Services running on m1:

  • bacula
  • cas (and cas staging)
  • backups
  • etherpad
  • librenms
  • pki
  • rt

Switchover steps:

OLD MASTER: db1164

NEW MASTER: db1195

Check configuration differences between new and old master

  • $ pt-config-diff h=db1164.eqiad.wmnet,F=/root/.my.cnf h=db1195.eqiad.wmnet,F=/root/.my.cnf
  • Silence alerts on all hosts
  • Topology changes: move everything under db1195

db-switchover --timeout=1 --only-slave-move db1164.eqiad.wmnet db1195.eqiad.wmnet

puppet agent -tv && cat /etc/haproxy/conf.d/db-master.cfg

  • Start the failover

!log Failover m1 from db1164 to db1195 - T315864

root@cumin1001:~/wmfmariadbpy/wmfmariadbpy# db-switchover --skip-slave-move db1164 db1195
  • Reload haproxies
dbproxy1012:   systemctl reload haproxy && echo "show stat" | socat /run/haproxy/haproxy.sock stdio
dbproxy1014:   systemctl reload haproxy && echo "show stat" | socat /run/haproxy/haproxy.sock stdio
  • kill connections on the old master (db1164)

pt-kill --print --kill --victims all --match-all F=/dev/null,S=/run/mysqld/mysqld.sock

  • Restart puppet on old and new masters (for heartbeat):db1164 and db1195

puppet agent --enable && run-puppet-agent

Event Timeline

Marostegui moved this task from Triage to Ready on the DBA board.
Marostegui added subscribers: jbond, ayounsi, jcrespo and 2 others.
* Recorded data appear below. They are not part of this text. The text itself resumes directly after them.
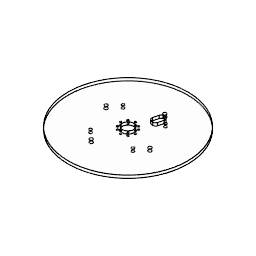
TopPlate_v60 (Autodesk Fusion 360 design; units mm, degrees)
Autodesk Fusion 360 part; units mm, degrees
note: some values were not read from the file. Set by a fixed rule: which face or edge a step refers to.
derive "Sketch1" from "ServoRail v52"
sketch "sketch 220" plane through (0, 0, 0) normal (0, 0, 1) x (1, 0, 0)
  line L0 (-23.75, 13.75) -> (23.75, 13.75) construction
  line L1 (23.75, 13.75) -> (23.75, -13.75) construction
  line L2 (23.75, -13.75) -> (-23.75, -13.75) construction
  line L3 (-23.75, -13.75) -> (-23.75, 13.75) construction
  line L4 (-23.75, 13.75) -> (23.75, -13.75) construction
  line L5 (23.75, 13.75) -> (-23.75, -13.75) construction
  line L6 (-2.75, -24.75) -> (-44.75, -24.75)
  line L7 (-44.75, -24.75) -> (-44.75, -2.75)
  line L8 (-44.75, -2.75) -> (-2.75, -2.75)
  line L9 (-2.75, -2.75) -> (-2.75, -24.75)
  line L10 (-2.75, -24.75) -> (-44.75, -2.75) construction
  line L11 (-44.75, -24.75) -> (-2.75, -2.75) construction
  line L12 (-32.75, -2.75) -> (-32.75, 4.25)
  line L13 (-32.75, 4.25) -> (-29.75, 4.25)
  line L14 (-29.75, 4.25) -> (-29.75, 0.25)
  line L15 (-26.75, 0.25) -> (-26.75, -2.75)
  line L16 (-26.75, 0.25) -> (-29.75, 0.25)
  line L17 (2.75, -44.75) -> (2.75, -2.75)
  line L18 (2.75, -32.75) -> (-4.25, -32.75)
  line L19 (-4.25, -32.75) -> (-4.25, -29.75)
  line L20 (-4.25, -29.75) -> (-0.25, -29.75)
  line L21 (-0.25, -26.75) -> (-0.25, -29.75)
  line L22 (-0.25, -26.75) -> (2.75, -26.75)
  line L23 (24.75, -44.75) -> (2.75, -44.75)
  line L24 (24.75, -2.75) -> (24.75, -44.75)
  line L25 (2.75, -2.75) -> (24.75, -2.75)
  line L26 (44.75, 2.75) -> (2.75, 2.75)
  line L27 (32.75, 2.75) -> (32.75, -4.25)
  line L28 (32.75, -4.25) -> (29.75, -4.25)
  line L29 (29.75, -4.25) -> (29.75, -0.25)
  line L30 (26.75, -0.25) -> (29.75, -0.25)
  line L31 (26.75, -0.25) -> (26.75, 2.75)
  line L32 (44.75, 24.75) -> (44.75, 2.75)
  line L33 (2.75, 24.75) -> (44.75, 24.75)
  line L34 (2.75, 2.75) -> (2.75, 24.75)
  line L35 (-2.75, 44.75) -> (-2.75, 2.75)
  line L36 (-2.75, 32.75) -> (4.25, 32.75)
  line L37 (4.25, 32.75) -> (4.25, 29.75)
  line L38 (4.25, 29.75) -> (0.25, 29.75)
  line L39 (0.25, 26.75) -> (0.25, 29.75)
  line L40 (0.25, 26.75) -> (-2.75, 26.75)
  line L41 (-24.75, 44.75) -> (-2.75, 44.75)
  line L42 (-24.75, 2.75) -> (-24.75, 44.75)
  line L43 (-2.75, 2.75) -> (-24.75, 2.75)
  line L44 (-0.25, -32.75) -> (-0.25, -35.75)
  line L45 (-0.25, -35.75) -> (-7.25, -35.75)
  line L46 (-7.25, -35.75) -> (-7.25, -26.75)
  line L47 (-7.25, -26.75) -> (-0.25, -26.75)
  line L48 (-26.75, -27.75) -> (-29.75, -27.75)
  line L49 (-29.75, -27.75) -> (-29.75, -24.75)
  line L50 (-26.75, -27.75) -> (-26.75, -31.75)
  line L51 (-26.75, -31.75) -> (-23.75, -31.75)
  line L52 (-23.75, -31.75) -> (-23.75, -24.75)
  line L53 (-29.75, -27.75) -> (-29.75, -34.75)
  line L54 (-29.75, -34.75) -> (-20.75, -34.75)
  line L55 (-20.75, -34.75) -> (-20.75, -27.75)
  line L56 (-20.75, -27.75) -> (-23.75, -27.75)
  line L57 (-20.75, -27.75) -> (-7.25, -27.75)
  line L58 (-20.75, -30.75) -> (-7.25, -30.75)
  line L59 (27.75, -29.75) -> (24.75, -29.75)
  line L60 (27.75, -29.75) -> (34.75, -29.75)
  line L61 (27.75, -26.75) -> (27.75, -29.75)
  line L62 (31.75, -23.75) -> (24.75, -23.75)
  line L63 (27.75, -26.75) -> (31.75, -26.75)
  line L64 (31.75, -26.75) -> (31.75, -23.75)
  line L65 (34.75, -29.75) -> (34.75, -20.75)
  line L66 (34.75, -20.75) -> (27.75, -20.75)
  line L67 (27.75, -20.75) -> (27.75, -23.75)
  line L68 (27.75, -20.75) -> (27.75, -7.25)
  line L69 (30.75, -20.75) -> (30.75, -7.25)
  line L70 (26.75, -7.25) -> (26.75, -0.25)
  line L71 (35.75, -7.25) -> (26.75, -7.25)
  line L72 (35.75, -0.25) -> (35.75, -7.25)
  line L73 (32.75, -0.25) -> (35.75, -0.25)
  line L74 (29.75, 27.75) -> (29.75, 24.75)
  line L75 (29.75, 27.75) -> (29.75, 34.75)
  line L76 (26.75, 27.75) -> (29.75, 27.75)
  line L77 (23.75, 31.75) -> (23.75, 24.75)
  line L78 (26.75, 27.75) -> (26.75, 31.75)
  line L79 (26.75, 31.75) -> (23.75, 31.75)
  line L80 (29.75, 34.75) -> (20.75, 34.75)
  line L81 (20.75, 34.75) -> (20.75, 27.75)
  line L82 (20.75, 27.75) -> (23.75, 27.75)
  line L83 (20.75, 27.75) -> (7.25, 27.75)
  line L84 (20.75, 30.75) -> (7.25, 30.75)
  line L85 (7.25, 26.75) -> (0.25, 26.75)
  line L86 (7.25, 35.75) -> (7.25, 26.75)
  line L87 (0.25, 35.75) -> (7.25, 35.75)
  line L88 (0.25, 32.75) -> (0.25, 35.75)
  line L89 (-27.75, 29.75) -> (-24.75, 29.75)
  line L90 (-27.75, 29.75) -> (-34.75, 29.75)
  line L91 (-27.75, 26.75) -> (-27.75, 29.75)
  line L92 (-31.75, 23.75) -> (-24.75, 23.75)
  line L93 (-27.75, 26.75) -> (-31.75, 26.75)
  line L94 (-31.75, 26.75) -> (-31.75, 23.75)
  line L95 (-34.75, 29.75) -> (-34.75, 20.75)
  line L96 (-34.75, 20.75) -> (-27.75, 20.75)
  line L97 (-27.75, 20.75) -> (-27.75, 23.75)
  line L98 (-27.75, 20.75) -> (-27.75, 7.25)
  line L99 (-30.75, 20.75) -> (-30.75, 7.25)
  line L100 (-26.75, 7.25) -> (-26.75, 0.25)
  line L101 (-35.75, 7.25) -> (-26.75, 7.25)
  line L102 (-35.75, 0.25) -> (-35.75, 7.25)
  line L103 (-32.75, 0.25) -> (-35.75, 0.25)
  circle A0 centre (0, 0) radius 56
  circle A1 centre (-41.3532, 14.4521) radius 9.125
  circle A2 centre (-14.4521, -41.3532) radius 9.125
  circle A3 centre (41.3532, -14.4521) radius 9.125
  circle A4 centre (14.4521, 41.3532) radius 9.125
  circle A5 centre (-41.3532, 14.4521) radius 11.125
  circle A6 centre (-14.4521, -41.3532) radius 11.125
  circle A7 centre (41.3532, -14.4521) radius 11.125
  circle A8 centre (14.4521, 41.3532) radius 11.125
  circle A9 centre (0, 0) radius 58
  line L104 (-41.3532, 14.4521) -> (-41.0042, 25.5716)
  line L105 (-41.3532, 14.4521) -> (-41.3532, 3.3271)
  line L106 (0, 0) -> (-41.3532, 14.4521) construction
  line L107 (-14.4521, -41.3532) -> (-25.5716, -41.0042)
  line L108 (-14.4521, -41.3532) -> (-3.3271, -41.3532)
  line L109 (41.3532, -14.4521) -> (41.0042, -25.5716)
  line L110 (41.3532, -14.4521) -> (41.3532, -3.3271)
  line L111 (14.4521, 41.3532) -> (25.5716, 41.0042)
  line L112 (14.4521, 41.3532) -> (3.3271, 41.3532)
  line L113 (2.75, 24.75) -> (-2.75, 24.75)
  line L114 (24.75, -2.75) -> (24.75, 2.75)
  line L115 (-24.75, 2.75) -> (-24.75, -2.75)
  line L116 (-2.75, -24.75) -> (2.75, -24.75)
  circle A10 centre (-7.9571, -31.4571) radius 1.75
  line L117 (-7.25, -30.75) -> (-7.9571, -31.4571)
  line L118 (-18.75, -31.75) -> (-22.75, -31.75)
  line L119 (-22.75, -31.75) -> (-22.75, -29.75)
  line L120 (-22.75, -29.75) -> (-18.75, -29.75)
  line L121 (-18.75, -29.75) -> (-18.75, -31.75)
  line L122 (-18.75, -31.75) -> (-22.75, -29.75) construction
  line L123 (-22.75, -31.75) -> (-18.75, -29.75) construction
  circle A11 centre (31.4571, -7.9571) radius 1.75
  line L124 (31.75, -22.75) -> (29.75, -22.75)
  line L125 (29.75, -22.75) -> (29.75, -18.75)
  line L126 (29.75, -18.75) -> (31.75, -18.75)
  line L127 (31.75, -18.75) -> (31.75, -22.75)
  circle A12 centre (7.9571, 31.4571) radius 1.75
  line L128 (22.75, 31.75) -> (22.75, 29.75)
  line L129 (22.75, 29.75) -> (18.75, 29.75)
  line L130 (18.75, 29.75) -> (18.75, 31.75)
  line L131 (18.75, 31.75) -> (22.75, 31.75)
  circle A13 centre (-31.4571, 7.9571) radius 1.75
  line L132 (-31.75, 22.75) -> (-29.75, 22.75)
  line L133 (-29.75, 22.75) -> (-29.75, 18.75)
  line L134 (-29.75, 18.75) -> (-31.75, 18.75)
  line L135 (-31.75, 18.75) -> (-31.75, 22.75)
  line L136 (29.75, 27.75) -> (33.8506, 28.3482) construction
  circle A14 centre (33.8506, 28.3482) radius 1.75
  circle A15 centre (-28.3482, 33.8506) radius 1.75
  circle A16 centre (-33.8506, -28.3482) radius 1.75
  circle A17 centre (28.3482, -33.8506) radius 1.75
  line L137 (-6.25, -7.75) -> (-14.25, -7.75)
  line L138 (-14.25, -7.75) -> (-14.25, -19.75)
  line L139 (-14.25, -19.75) -> (-6.25, -19.75)
  line L140 (-6.25, -19.75) -> (-6.25, -7.75)
  line L141 (-6.25, -7.75) -> (-14.25, -19.75) construction
  line L142 (-14.25, -7.75) -> (-6.25, -19.75) construction
  line L143 (19.75, -14.25) -> (19.75, -6.25)
  line L144 (7.75, -14.25) -> (19.75, -14.25)
  line L145 (19.75, -6.25) -> (7.75, -6.25)
  line L146 (7.75, -6.25) -> (7.75, -14.25)
  line L147 (14.25, 19.75) -> (6.25, 19.75)
  line L148 (14.25, 7.75) -> (14.25, 19.75)
  line L149 (6.25, 19.75) -> (6.25, 7.75)
  line L150 (6.25, 7.75) -> (14.25, 7.75)
  line L151 (-19.75, 14.25) -> (-19.75, 6.25)
  line L152 (-7.75, 14.25) -> (-19.75, 14.25)
  line L153 (-19.75, 6.25) -> (-7.75, 6.25)
  line L154 (-7.75, 6.25) -> (-7.75, 14.25)
  spline S0 degree 5 poles (-3.3271, -41.3532) (-3.3271, -42.1374) (-3.2169, -43.6541) (-2.7212, -45.7746) (-1.5233, -48.3293) (0.3412, -51.1793) (1.6763, -53.2302) (2.3663, -54.6364) (2.6513, -55.5109) (2.75, -55.9324) knots 0 0 0 0 0 0 0.2 0.4 0.6 0.8 1 1 1 1 1 1
  line L155 (-3.3271, -39.4276) -> (-3.3271, -43.2787)
  line L156 (2.5, -54.8649) -> (3, -57)
  line L157 (2.75, -44.75) -> (2.75, -55.9324) construction
  spline S1 degree 3 poles (-5.3271, -41.3532) (-5.3271, -43.6244) (-4.7917, -45.7291) (-3.9986, -47.5464) (-3.0648, -49.6861) (-1.8311, -51.476) (-0.8806, -52.9928) (-0.0937, -54.2485) (0.4782, -55.3083) (0.7178, -56.0783) (0.7516, -56.1872) (0.7797, -56.2904) (0.8027, -56.3885) knots 0 0 0 0 0.303965 0.303965 0.303965 0.661847 0.661847 0.661847 0.958125 0.958125 0.958125 1 1 1 1
  line L158 (0.6913, -55.9957) -> (2.75, -55.9324)
  spline S2 degree 5 poles (41.3532, -3.3271) (42.1374, -3.3271) (43.6541, -3.2169) (45.7746, -2.7212) (48.3293, -1.5233) (51.1793, 0.3412) (53.2302, 1.6763) (54.6364, 2.3663) (55.5109, 2.6513) (55.9324, 2.75) knots 0 0 0 0 0 0 0.2 0.4 0.6 0.8 1 1 1 1 1 1
  spline S3 degree 3 poles (41.3532, -5.3271) (43.6244, -5.3271) (45.7291, -4.7917) (47.5464, -3.9986) (49.6861, -3.0648) (51.476, -1.8311) (52.9928, -0.8806) (54.2485, -0.0937) (55.3083, 0.4782) (56.0783, 0.7178) (56.1872, 0.7516) (56.2904, 0.7797) (56.3885, 0.8027) knots 0 0 0 0 0.303965 0.303965 0.303965 0.661847 0.661847 0.661847 0.958125 0.958125 0.958125 1 1 1 1
  line L159 (55.9957, 0.6913) -> (55.9324, 2.75)
  spline S4 degree 5 poles (3.3271, 41.3532) (3.3271, 42.1374) (3.2169, 43.6541) (2.7212, 45.7746) (1.5233, 48.3293) (-0.3412, 51.1793) (-1.6763, 53.2302) (-2.3663, 54.6364) (-2.6513, 55.5109) (-2.75, 55.9324) knots 0 0 0 0 0 0 0.2 0.4 0.6 0.8 1 1 1 1 1 1
  spline S5 degree 3 poles (5.3271, 41.3532) (5.3271, 43.6244) (4.7917, 45.7291) (3.9986, 47.5464) (3.0648, 49.6861) (1.8311, 51.476) (0.8806, 52.9928) (0.0937, 54.2485) (-0.4782, 55.3083) (-0.7178, 56.0783) (-0.7516, 56.1872) (-0.7797, 56.2904) (-0.8027, 56.3885) knots 0 0 0 0 0.303965 0.303965 0.303965 0.661847 0.661847 0.661847 0.958125 0.958125 0.958125 1 1 1 1
  line L160 (-0.6913, 55.9957) -> (-2.75, 55.9324)
  spline S6 degree 5 poles (-41.3532, 3.3271) (-42.1374, 3.3271) (-43.6541, 3.2169) (-45.7746, 2.7212) (-48.3293, 1.5233) (-51.1793, -0.3412) (-53.2302, -1.6763) (-54.6364, -2.3663) (-55.5109, -2.6513) (-55.9324, -2.75) knots 0 0 0 0 0 0 0.2 0.4 0.6 0.8 1 1 1 1 1 1
  spline S7 degree 3 poles (-41.3532, 5.3271) (-43.6244, 5.3271) (-45.7291, 4.7917) (-47.5464, 3.9986) (-49.6861, 3.0648) (-51.476, 1.8311) (-52.9928, 0.8806) (-54.2485, 0.0937) (-55.3083, -0.4782) (-56.0783, -0.7178) (-56.1872, -0.7516) (-56.2904, -0.7797) (-56.3885, -0.8027) knots 0 0 0 0 0.303965 0.303965 0.303965 0.661847 0.661847 0.661847 0.958125 0.958125 0.958125 1 1 1 1
  line L161 (-55.9957, -0.6913) -> (-55.9324, -2.75)
  line L162 (-29.75, -34.75) -> (-37.9688, -34.75)
  line L163 (-29.75, -32.75) -> (-38, -32.75)
  spline S8 degree 5 poles (-37.9688, -34.75) (-38.3782, -34.75) (-39.1998, -34.6725) (-40.4402, -34.3239) (-42.1078, -33.4585) (-44.2076, -31.9324) (-45.8949, -30.4934) (-47.1632, -29.3318) (-48.0099, -28.5231) (-48.4336, -28.1103) knots 0 0 0 0 0 0 0.2 0.4 0.6 0.8 1 1 1 1 1 1
  line L164 (-37, -34.75) -> (-38.9375, -34.75)
  spline S9 degree 3 poles (-37.9688, -32.75) (-38.6389, -32.75) (-39.3828, -32.5469) (-40.2776, -32.0885) (-41.7597, -31.3293) (-43.513, -29.9305) (-45.2704, -28.34) (-45.8565, -27.8096) (-46.4464, -27.2542) (-47.0377, -26.678) knots 0 0 0 0 0.31167 0.31167 0.31167 0.827845 0.827845 0.827845 1 1 1 1
  line L165 (-48.4336, -28.1103) -> (-47.0377, -26.678)
  line L166 (34.75, -29.75) -> (34.75, -37.9688)
  line L167 (32.75, -29.75) -> (32.75, -38)
  spline S10 degree 3 poles (32.75, -37.9688) (32.75, -38.6389) (32.5469, -39.3828) (32.0885, -40.2776) (31.3293, -41.7597) (29.9305, -43.513) (28.34, -45.2704) (27.8096, -45.8565) (27.2542, -46.4464) (26.678, -47.0377) knots 0 0 0 0 0.31167 0.31167 0.31167 0.827845 0.827845 0.827845 1 1 1 1
  spline S11 degree 5 poles (34.75, -37.9688) (34.75, -38.3782) (34.6725, -39.1998) (34.3239, -40.4402) (33.4585, -42.1078) (31.9324, -44.2076) (30.4934, -45.8949) (29.3318, -47.1632) (28.5231, -48.0099) (28.1103, -48.4336) knots 0 0 0 0 0 0 0.2 0.4 0.6 0.8 1 1 1 1 1 1
  line L168 (28.1103, -48.4336) -> (26.678, -47.0377)
  line L169 (29.75, 34.75) -> (37.9688, 34.75)
  line L170 (29.75, 32.75) -> (38, 32.75)
  spline S12 degree 3 poles (37.9688, 32.75) (38.6389, 32.75) (39.3828, 32.5469) (40.2776, 32.0885) (41.7597, 31.3293) (43.513, 29.9305) (45.2704, 28.34) (45.8565, 27.8096) (46.4464, 27.2542) (47.0377, 26.678) knots 0 0 0 0 0.31167 0.31167 0.31167 0.827845 0.827845 0.827845 1 1 1 1
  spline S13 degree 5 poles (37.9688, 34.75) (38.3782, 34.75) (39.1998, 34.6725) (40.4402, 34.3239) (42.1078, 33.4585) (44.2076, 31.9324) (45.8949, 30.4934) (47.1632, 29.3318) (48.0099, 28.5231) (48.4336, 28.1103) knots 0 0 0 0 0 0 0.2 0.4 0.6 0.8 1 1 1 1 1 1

@akosiaris @jcrespo @ayounsi @MoritzMuehlenhoff @jbond I would like to switchover m1 master on Thursday at 08:30 AM UTC. Expected impact would be a few seconds of RO time. Reads would remain unaffected.
Would that dat/time work for you all?

@akosiaris @jcrespo @ayounsi @MoritzMuehlenhoff @jbond I would like to switchover m1 master on Thursday at 08:30 AM UTC. Expected impact would be a few seconds of RO time. Reads would remain unaffected.
Would that dat/time work for you all?

For the IDPs any time is fine, the database in question is currently unused (and will only start to get used in the next weeks).

I am guessing that is "dbbackups" instead of "backups"?

I will disable ES cross-dc long term backups to bacula now, which normally run on Thursdays from 02:05 until around 18h, will start once the maintenance is completed. This will allow me to shutdown bacula with the least impact and risk.

I am guessing that is "dbbackups" instead of "backups"?

Yes, the service backups that uses dbbackups.

Good for me (librenms) CCing @fgiunchedi and @andrea.denisse for visibility too

Mentioned in SAL (#wikimedia-operations) [2022-08-22T13:03:19Z] <jynus> disabled backup scheduling for backup1002, backup2002 T315864

Change 826220 had a related patch set uploaded (by Marostegui; author: Marostegui):

[operations/puppet@production] mariadb: Add db1195 as sby host for m1

https://gerrit.wikimedia.org/r/826220

Change 826220 merged by Marostegui:

[operations/puppet@production] mariadb: Add db1195 as sby host for m1

https://gerrit.wikimedia.org/r/826220

Added db1195 as a standby host in haproxy, reloaded both of them and the host gets correctly marked as UP.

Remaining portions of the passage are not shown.